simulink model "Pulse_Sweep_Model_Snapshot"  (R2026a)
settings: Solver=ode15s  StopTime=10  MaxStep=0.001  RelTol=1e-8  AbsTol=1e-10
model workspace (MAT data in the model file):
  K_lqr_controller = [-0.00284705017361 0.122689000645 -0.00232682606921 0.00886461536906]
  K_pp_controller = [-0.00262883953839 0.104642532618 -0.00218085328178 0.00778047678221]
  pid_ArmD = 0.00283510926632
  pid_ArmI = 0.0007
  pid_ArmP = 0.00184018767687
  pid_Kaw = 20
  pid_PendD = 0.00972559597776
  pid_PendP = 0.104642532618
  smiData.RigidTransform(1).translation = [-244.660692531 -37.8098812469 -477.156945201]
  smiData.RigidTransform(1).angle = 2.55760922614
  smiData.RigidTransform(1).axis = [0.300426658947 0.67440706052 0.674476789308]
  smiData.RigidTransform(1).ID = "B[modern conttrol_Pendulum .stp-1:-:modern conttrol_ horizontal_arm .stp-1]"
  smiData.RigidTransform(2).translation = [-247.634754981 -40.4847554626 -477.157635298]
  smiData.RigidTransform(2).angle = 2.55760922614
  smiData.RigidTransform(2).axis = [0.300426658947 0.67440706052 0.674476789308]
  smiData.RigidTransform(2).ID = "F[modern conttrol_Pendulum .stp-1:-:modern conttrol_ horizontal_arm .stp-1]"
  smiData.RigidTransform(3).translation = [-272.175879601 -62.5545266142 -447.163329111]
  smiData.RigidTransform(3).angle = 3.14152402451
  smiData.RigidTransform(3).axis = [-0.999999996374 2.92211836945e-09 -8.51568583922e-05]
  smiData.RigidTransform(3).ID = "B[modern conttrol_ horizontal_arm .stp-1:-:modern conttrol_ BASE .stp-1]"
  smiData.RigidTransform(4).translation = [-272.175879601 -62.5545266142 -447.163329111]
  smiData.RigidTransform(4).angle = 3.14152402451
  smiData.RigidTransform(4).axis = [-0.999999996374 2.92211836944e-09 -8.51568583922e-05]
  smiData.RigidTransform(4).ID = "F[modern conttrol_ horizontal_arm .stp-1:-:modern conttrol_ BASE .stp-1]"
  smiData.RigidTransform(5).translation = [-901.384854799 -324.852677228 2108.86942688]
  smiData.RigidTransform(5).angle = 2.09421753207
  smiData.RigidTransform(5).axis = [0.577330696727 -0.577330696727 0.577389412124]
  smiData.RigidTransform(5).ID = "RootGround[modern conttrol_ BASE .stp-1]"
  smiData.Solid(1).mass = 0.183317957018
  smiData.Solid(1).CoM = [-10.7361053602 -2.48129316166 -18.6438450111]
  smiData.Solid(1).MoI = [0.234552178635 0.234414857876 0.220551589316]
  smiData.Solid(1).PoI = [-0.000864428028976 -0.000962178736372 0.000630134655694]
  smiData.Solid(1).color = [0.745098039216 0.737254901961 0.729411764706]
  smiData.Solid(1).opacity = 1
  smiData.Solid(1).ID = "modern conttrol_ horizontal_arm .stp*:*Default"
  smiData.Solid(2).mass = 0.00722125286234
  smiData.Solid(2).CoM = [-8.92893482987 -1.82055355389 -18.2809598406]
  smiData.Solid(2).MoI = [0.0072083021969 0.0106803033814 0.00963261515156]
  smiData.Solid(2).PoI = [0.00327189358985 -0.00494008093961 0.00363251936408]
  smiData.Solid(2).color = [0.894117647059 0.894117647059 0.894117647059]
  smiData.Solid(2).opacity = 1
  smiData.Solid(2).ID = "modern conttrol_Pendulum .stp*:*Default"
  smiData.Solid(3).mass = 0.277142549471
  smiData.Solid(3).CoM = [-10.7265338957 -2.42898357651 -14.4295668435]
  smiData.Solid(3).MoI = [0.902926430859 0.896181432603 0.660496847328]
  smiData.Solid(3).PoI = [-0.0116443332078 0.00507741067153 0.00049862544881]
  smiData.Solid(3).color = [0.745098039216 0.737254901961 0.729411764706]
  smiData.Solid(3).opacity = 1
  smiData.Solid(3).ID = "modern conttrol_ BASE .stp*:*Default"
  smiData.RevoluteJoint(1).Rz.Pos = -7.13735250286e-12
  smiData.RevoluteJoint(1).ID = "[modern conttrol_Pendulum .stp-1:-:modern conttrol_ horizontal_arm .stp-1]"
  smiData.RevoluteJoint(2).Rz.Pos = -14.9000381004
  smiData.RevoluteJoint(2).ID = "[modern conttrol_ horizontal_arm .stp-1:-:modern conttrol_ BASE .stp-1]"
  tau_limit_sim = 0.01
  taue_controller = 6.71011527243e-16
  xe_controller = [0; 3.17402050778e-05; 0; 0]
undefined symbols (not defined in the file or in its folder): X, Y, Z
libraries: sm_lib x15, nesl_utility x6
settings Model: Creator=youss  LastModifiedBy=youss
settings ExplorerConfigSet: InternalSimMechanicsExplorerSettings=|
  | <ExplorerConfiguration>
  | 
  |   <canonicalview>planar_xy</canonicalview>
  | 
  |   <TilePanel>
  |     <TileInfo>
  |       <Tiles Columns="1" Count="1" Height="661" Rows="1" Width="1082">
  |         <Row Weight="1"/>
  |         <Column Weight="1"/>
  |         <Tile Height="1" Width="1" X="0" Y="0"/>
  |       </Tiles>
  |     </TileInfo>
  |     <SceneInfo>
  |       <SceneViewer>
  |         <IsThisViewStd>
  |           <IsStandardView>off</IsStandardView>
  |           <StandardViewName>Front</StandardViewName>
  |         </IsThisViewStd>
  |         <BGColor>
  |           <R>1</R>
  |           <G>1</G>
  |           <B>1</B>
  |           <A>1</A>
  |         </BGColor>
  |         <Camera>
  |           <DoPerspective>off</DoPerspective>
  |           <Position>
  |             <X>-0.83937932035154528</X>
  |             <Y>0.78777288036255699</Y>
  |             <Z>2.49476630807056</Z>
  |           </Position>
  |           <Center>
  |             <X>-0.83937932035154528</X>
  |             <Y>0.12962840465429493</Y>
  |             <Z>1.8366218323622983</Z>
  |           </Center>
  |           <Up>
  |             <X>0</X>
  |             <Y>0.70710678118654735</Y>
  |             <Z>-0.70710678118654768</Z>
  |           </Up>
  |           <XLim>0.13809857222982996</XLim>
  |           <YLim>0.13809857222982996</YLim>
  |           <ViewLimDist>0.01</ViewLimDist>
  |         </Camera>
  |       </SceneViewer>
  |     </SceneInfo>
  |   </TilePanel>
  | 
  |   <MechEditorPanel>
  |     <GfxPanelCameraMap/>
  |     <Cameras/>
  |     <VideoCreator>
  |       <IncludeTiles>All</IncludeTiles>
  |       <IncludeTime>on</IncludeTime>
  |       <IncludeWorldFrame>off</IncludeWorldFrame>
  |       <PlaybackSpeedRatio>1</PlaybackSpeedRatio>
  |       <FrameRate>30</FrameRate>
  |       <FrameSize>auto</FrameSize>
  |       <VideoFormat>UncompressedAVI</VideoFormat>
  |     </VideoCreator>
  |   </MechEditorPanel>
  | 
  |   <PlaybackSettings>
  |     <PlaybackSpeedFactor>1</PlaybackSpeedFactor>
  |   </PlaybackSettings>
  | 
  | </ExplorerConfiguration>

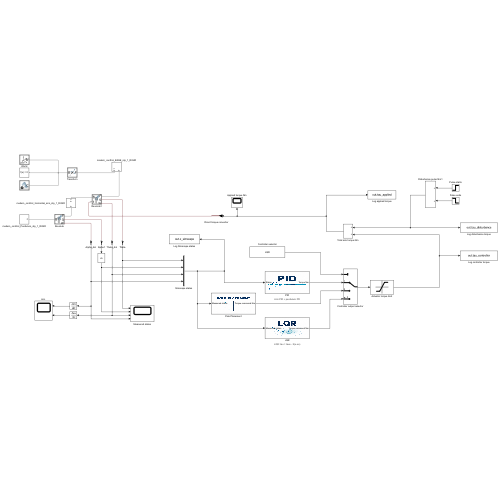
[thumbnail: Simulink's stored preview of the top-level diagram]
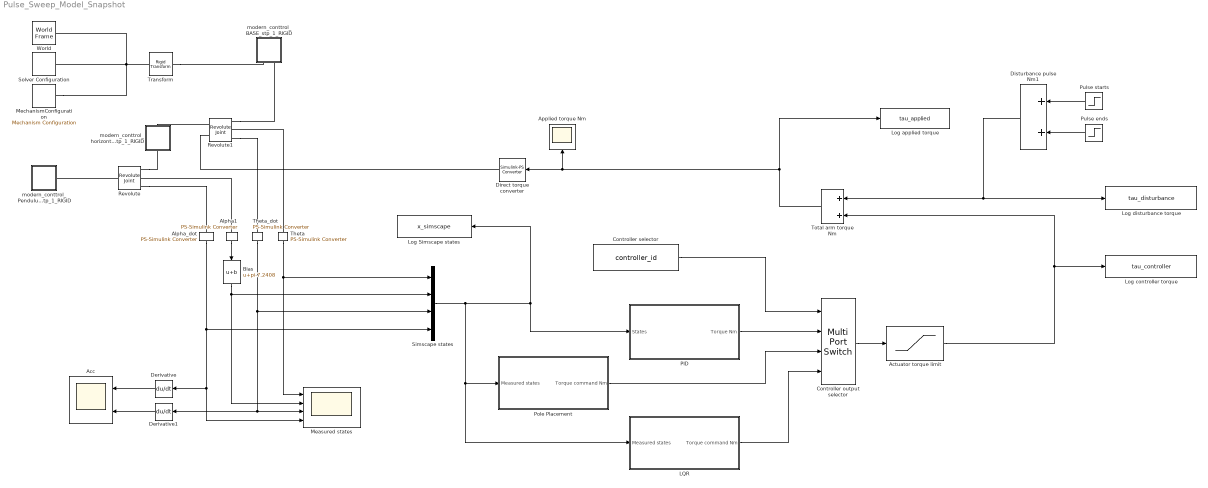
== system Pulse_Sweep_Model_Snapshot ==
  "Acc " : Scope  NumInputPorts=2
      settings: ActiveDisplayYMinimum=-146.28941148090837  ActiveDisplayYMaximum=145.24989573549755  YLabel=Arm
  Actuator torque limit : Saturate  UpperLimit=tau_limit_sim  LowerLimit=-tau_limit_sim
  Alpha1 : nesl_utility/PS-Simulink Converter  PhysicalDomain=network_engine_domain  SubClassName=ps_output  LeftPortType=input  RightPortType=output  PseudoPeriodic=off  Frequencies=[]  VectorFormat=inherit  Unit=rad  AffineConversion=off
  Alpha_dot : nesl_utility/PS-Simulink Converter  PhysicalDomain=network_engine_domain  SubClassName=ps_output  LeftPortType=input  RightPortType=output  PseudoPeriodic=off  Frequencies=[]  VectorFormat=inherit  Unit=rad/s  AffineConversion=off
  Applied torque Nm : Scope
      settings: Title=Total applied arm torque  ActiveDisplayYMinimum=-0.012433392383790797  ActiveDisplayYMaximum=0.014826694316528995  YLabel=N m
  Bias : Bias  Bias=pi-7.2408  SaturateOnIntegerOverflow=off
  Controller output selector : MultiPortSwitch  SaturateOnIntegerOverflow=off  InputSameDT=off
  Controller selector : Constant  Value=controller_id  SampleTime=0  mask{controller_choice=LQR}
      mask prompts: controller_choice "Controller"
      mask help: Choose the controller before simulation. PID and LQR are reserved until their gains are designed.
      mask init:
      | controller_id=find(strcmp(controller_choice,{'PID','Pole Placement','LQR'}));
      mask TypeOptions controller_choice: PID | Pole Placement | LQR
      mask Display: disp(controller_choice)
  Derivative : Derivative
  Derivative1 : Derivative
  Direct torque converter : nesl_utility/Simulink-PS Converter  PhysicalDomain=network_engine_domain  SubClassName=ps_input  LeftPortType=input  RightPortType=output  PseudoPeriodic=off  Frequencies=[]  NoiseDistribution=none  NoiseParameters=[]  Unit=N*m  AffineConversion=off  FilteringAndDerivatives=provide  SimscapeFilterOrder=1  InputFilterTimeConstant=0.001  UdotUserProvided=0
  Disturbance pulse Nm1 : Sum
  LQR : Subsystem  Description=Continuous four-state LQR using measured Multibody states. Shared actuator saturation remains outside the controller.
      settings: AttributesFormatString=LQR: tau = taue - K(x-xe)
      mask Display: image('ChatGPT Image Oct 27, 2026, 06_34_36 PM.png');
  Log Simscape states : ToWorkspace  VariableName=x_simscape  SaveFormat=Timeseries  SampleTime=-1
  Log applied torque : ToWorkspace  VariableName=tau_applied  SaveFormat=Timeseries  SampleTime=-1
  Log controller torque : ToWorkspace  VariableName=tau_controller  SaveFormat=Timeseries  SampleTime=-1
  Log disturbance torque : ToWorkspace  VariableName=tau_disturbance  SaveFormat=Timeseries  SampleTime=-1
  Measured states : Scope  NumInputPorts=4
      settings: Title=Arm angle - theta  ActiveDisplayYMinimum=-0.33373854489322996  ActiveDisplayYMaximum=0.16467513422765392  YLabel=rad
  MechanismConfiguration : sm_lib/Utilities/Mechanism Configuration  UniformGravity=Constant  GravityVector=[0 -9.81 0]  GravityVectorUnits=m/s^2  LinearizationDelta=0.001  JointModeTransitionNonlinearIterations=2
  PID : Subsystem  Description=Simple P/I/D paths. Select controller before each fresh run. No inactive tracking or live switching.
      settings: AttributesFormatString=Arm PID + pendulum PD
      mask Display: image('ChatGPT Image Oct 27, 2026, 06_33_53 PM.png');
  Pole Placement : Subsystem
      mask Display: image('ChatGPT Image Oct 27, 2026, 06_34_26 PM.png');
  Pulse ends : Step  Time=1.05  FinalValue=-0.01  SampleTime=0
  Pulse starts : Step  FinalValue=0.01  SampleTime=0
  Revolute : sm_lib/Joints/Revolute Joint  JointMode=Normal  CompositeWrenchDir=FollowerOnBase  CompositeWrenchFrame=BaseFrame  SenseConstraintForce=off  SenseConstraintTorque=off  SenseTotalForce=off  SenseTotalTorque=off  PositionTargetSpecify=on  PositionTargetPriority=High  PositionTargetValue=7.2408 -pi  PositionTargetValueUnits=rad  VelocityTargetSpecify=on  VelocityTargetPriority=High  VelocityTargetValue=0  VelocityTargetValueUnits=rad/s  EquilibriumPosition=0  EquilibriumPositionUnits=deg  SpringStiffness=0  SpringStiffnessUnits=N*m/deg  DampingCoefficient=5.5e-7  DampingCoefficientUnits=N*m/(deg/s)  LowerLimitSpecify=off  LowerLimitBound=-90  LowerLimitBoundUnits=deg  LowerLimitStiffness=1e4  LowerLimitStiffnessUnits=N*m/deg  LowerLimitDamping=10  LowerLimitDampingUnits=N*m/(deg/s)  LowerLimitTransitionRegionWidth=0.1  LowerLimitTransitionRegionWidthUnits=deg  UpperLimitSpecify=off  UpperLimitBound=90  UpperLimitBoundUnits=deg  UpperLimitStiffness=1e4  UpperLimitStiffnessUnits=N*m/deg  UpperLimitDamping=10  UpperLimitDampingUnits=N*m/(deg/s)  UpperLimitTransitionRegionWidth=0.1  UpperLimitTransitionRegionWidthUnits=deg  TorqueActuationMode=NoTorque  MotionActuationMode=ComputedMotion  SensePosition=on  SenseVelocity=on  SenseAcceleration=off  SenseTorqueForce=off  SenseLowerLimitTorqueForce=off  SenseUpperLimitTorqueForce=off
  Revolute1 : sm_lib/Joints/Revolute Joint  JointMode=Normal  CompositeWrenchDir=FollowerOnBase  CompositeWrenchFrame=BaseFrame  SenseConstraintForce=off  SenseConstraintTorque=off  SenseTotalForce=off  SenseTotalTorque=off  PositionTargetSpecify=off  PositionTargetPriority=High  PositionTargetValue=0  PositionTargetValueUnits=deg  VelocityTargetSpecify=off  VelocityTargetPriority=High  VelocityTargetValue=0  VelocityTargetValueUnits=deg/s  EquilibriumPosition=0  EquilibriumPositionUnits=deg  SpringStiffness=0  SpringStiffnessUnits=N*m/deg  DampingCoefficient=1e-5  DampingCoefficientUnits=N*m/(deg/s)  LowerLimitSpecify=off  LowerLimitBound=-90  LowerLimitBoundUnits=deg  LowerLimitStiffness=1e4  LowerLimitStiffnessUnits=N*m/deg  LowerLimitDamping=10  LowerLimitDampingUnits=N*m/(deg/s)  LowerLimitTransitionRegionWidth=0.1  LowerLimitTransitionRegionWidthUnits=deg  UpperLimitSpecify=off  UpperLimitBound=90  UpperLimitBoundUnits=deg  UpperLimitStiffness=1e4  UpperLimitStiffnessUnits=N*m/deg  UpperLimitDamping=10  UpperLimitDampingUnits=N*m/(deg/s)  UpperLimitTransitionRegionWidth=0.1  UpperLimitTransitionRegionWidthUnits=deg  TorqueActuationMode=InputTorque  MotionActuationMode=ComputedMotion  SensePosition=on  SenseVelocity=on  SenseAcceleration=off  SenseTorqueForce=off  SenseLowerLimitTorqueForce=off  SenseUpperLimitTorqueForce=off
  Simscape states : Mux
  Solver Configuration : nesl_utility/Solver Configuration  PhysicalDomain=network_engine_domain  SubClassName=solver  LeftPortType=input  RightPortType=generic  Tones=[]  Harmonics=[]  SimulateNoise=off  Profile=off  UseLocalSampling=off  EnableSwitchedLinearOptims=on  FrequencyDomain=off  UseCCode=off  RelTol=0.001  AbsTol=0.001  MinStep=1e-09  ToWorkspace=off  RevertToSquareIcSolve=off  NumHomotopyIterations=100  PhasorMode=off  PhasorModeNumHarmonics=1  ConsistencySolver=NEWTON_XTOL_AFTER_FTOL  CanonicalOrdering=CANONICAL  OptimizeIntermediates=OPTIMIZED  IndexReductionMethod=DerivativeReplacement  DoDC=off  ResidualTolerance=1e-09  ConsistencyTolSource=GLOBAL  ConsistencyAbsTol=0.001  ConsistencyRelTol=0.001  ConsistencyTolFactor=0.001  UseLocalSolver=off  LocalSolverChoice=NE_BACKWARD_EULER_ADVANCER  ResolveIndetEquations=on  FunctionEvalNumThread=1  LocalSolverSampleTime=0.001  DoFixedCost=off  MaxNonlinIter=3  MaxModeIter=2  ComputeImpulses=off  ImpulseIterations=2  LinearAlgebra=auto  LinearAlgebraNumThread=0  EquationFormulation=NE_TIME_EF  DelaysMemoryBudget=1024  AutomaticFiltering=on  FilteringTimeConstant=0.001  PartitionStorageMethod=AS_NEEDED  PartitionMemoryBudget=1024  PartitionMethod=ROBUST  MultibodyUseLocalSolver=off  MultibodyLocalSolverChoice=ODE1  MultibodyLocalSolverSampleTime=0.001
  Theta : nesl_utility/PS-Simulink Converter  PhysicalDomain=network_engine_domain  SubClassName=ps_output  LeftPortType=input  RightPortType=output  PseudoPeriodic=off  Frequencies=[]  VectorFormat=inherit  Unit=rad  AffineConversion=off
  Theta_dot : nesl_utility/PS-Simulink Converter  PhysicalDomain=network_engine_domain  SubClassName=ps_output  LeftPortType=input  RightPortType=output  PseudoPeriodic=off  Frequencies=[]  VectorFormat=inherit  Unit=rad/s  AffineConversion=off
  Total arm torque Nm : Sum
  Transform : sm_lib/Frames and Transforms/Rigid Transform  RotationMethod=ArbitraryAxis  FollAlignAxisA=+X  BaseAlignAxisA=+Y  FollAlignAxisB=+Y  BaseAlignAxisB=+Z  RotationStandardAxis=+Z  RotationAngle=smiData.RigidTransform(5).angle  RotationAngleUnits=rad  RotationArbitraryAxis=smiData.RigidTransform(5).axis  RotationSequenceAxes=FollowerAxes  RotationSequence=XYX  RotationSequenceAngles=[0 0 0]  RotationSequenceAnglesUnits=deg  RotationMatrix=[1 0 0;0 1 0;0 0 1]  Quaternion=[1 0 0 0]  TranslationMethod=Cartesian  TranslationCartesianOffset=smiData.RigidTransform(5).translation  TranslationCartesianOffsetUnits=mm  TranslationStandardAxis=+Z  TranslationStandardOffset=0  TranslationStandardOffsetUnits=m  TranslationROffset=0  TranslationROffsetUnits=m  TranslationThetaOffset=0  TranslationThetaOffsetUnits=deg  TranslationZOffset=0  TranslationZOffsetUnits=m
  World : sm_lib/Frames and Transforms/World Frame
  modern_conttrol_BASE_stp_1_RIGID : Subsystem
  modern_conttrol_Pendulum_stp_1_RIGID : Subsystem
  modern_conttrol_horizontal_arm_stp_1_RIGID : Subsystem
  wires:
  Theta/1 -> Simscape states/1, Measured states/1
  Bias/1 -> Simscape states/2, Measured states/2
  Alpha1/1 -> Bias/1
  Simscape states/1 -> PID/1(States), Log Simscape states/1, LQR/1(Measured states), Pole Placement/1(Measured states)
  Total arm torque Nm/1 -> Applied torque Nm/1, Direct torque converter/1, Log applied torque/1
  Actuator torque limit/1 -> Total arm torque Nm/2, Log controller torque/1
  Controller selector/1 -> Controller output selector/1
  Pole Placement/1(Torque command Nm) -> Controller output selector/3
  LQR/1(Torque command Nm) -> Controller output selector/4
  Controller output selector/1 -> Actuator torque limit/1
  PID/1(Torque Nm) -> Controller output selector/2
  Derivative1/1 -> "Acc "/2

(Task description) A word-for-word copy of the lines above from the one with "smiData.RevoluteJoint(1).Rz.Pos = -7.13735250286e-12" through the one with "smiData.RevoluteJoint(2).Rz.Pos = -14.9000381004", inclusive, is the only output wanted.

(Result)
  smiData.RevoluteJoint(1).Rz.Pos = -7.13735250286e-12
  smiData.RevoluteJoint(1).ID = "[modern conttrol_Pendulum .stp-1:-:modern conttrol_ horizontal_arm .stp-1]"
  smiData.RevoluteJoint(2).Rz.Pos = -14.9000381004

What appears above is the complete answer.